I'd like the records transcribed exactly, leaving the images out.

Start of Block

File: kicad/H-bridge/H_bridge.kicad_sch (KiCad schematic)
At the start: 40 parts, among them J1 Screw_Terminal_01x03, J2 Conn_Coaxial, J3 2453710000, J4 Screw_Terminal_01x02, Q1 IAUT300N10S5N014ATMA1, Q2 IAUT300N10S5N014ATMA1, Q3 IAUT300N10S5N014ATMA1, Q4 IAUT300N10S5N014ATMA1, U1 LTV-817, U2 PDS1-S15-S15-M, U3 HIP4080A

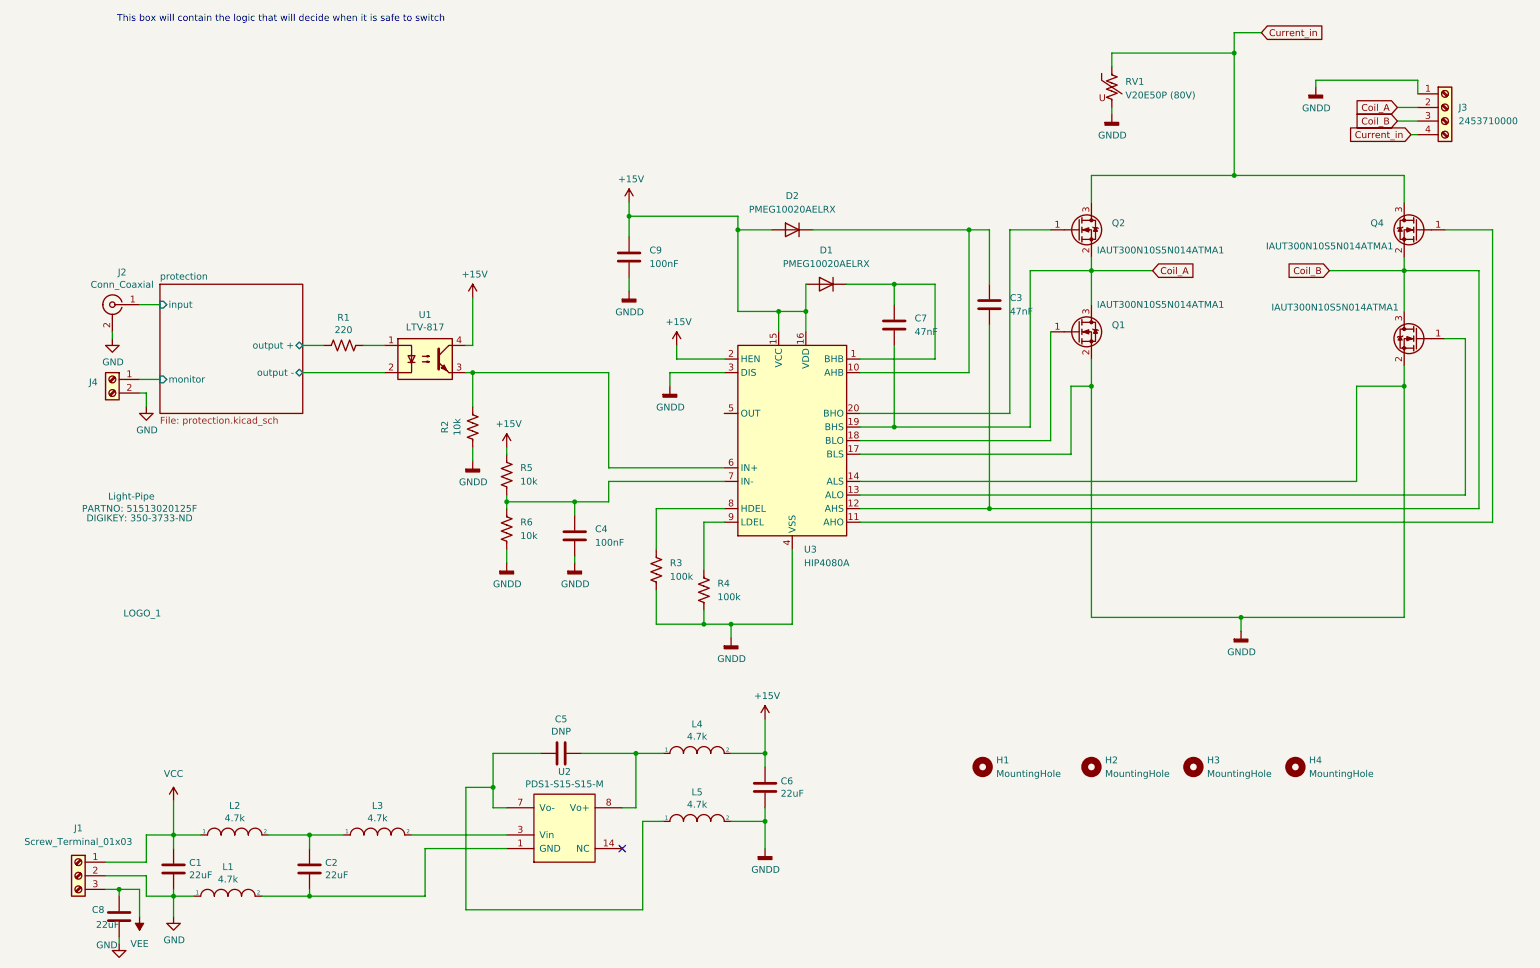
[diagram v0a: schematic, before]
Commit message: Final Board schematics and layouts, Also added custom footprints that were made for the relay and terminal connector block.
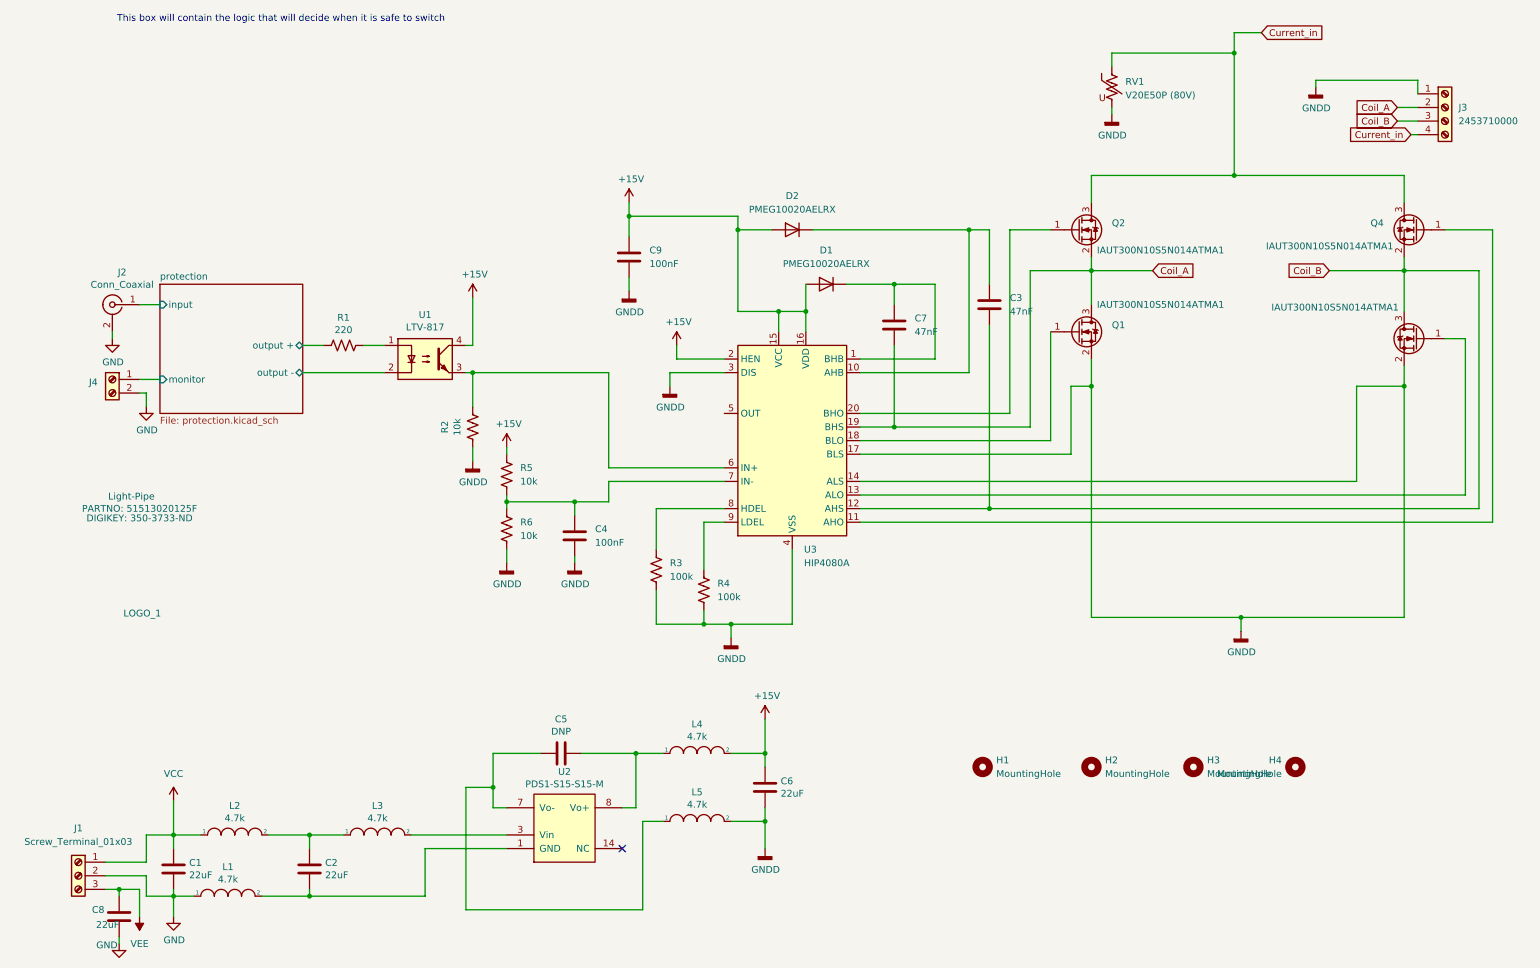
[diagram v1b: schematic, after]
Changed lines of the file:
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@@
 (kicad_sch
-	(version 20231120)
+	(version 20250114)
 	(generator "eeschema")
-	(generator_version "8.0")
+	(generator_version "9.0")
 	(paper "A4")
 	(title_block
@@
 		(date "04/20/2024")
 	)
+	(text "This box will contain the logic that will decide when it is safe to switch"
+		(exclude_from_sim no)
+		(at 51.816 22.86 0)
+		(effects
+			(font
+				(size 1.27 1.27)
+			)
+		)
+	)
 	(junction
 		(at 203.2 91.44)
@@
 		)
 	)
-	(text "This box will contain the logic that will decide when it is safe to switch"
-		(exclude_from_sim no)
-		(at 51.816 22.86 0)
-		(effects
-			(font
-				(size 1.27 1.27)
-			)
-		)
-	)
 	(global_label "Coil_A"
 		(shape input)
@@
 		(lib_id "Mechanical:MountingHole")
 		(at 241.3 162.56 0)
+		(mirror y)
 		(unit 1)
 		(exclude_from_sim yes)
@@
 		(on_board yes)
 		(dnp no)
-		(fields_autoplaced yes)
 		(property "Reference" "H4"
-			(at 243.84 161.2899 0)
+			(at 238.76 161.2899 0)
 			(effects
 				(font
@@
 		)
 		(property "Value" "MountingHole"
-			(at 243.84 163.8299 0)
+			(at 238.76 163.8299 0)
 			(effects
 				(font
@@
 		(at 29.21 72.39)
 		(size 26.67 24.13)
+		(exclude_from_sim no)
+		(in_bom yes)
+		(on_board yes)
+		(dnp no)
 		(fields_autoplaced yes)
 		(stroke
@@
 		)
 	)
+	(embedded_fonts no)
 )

End of Block

REPLY.
File: kicad/H-bridge/H_bridge.kicad_sch (KiCad schematic)
At the start: 40 parts, among them J1 Screw_Terminal_01x03, J2 Conn_Coaxial, J3 2453710000, J4 Screw_Terminal_01x02, Q1 IAUT300N10S5N014ATMA1, Q2 IAUT300N10S5N014ATMA1, Q3 IAUT300N10S5N014ATMA1, Q4 IAUT300N10S5N014ATMA1, U1 LTV-817, U2 PDS1-S15-S15-M, U3 HIP4080A

[diagram v0a: schematic, before]
Commit message: Final Board schematics and layouts, Also added custom footprints that were made for the relay and terminal connector block.
[diagram v1b: schematic, after]
Changed lines of the file:
@@
 (kicad_sch
-	(version 20231120)
+	(version 20250114)
 	(generator "eeschema")
-	(generator_version "8.0")
+	(generator_version "9.0")
 	(paper "A4")
 	(title_block
@@
 		(date "04/20/2024")
 	)
+	(text "This box will contain the logic that will decide when it is safe to switch"
+		(exclude_from_sim no)
+		(at 51.816 22.86 0)
+		(effects
+			(font
+				(size 1.27 1.27)
+			)
+		)
+	)
 	(junction
 		(at 203.2 91.44)
@@
 		)
 	)
-	(text "This box will contain the logic that will decide when it is safe to switch"
-		(exclude_from_sim no)
-		(at 51.816 22.86 0)
-		(effects
-			(font
-				(size 1.27 1.27)
-			)
-		)
-	)
 	(global_label "Coil_A"
 		(shape input)
@@
 		(lib_id "Mechanical:MountingHole")
 		(at 241.3 162.56 0)
+		(mirror y)
 		(unit 1)
 		(exclude_from_sim yes)
@@
 		(on_board yes)
 		(dnp no)
-		(fields_autoplaced yes)
 		(property "Reference" "H4"
-			(at 243.84 161.2899 0)
+			(at 238.76 161.2899 0)
 			(effects
 				(font
@@
 		)
 		(property "Value" "MountingHole"
-			(at 243.84 163.8299 0)
+			(at 238.76 163.8299 0)
 			(effects
 				(font
@@
 		(at 29.21 72.39)
 		(size 26.67 24.13)
+		(exclude_from_sim no)
+		(in_bom yes)
+		(on_board yes)
+		(dnp no)
 		(fields_autoplaced yes)
 		(stroke
@@
 		)
 	)
+	(embedded_fonts no)
 )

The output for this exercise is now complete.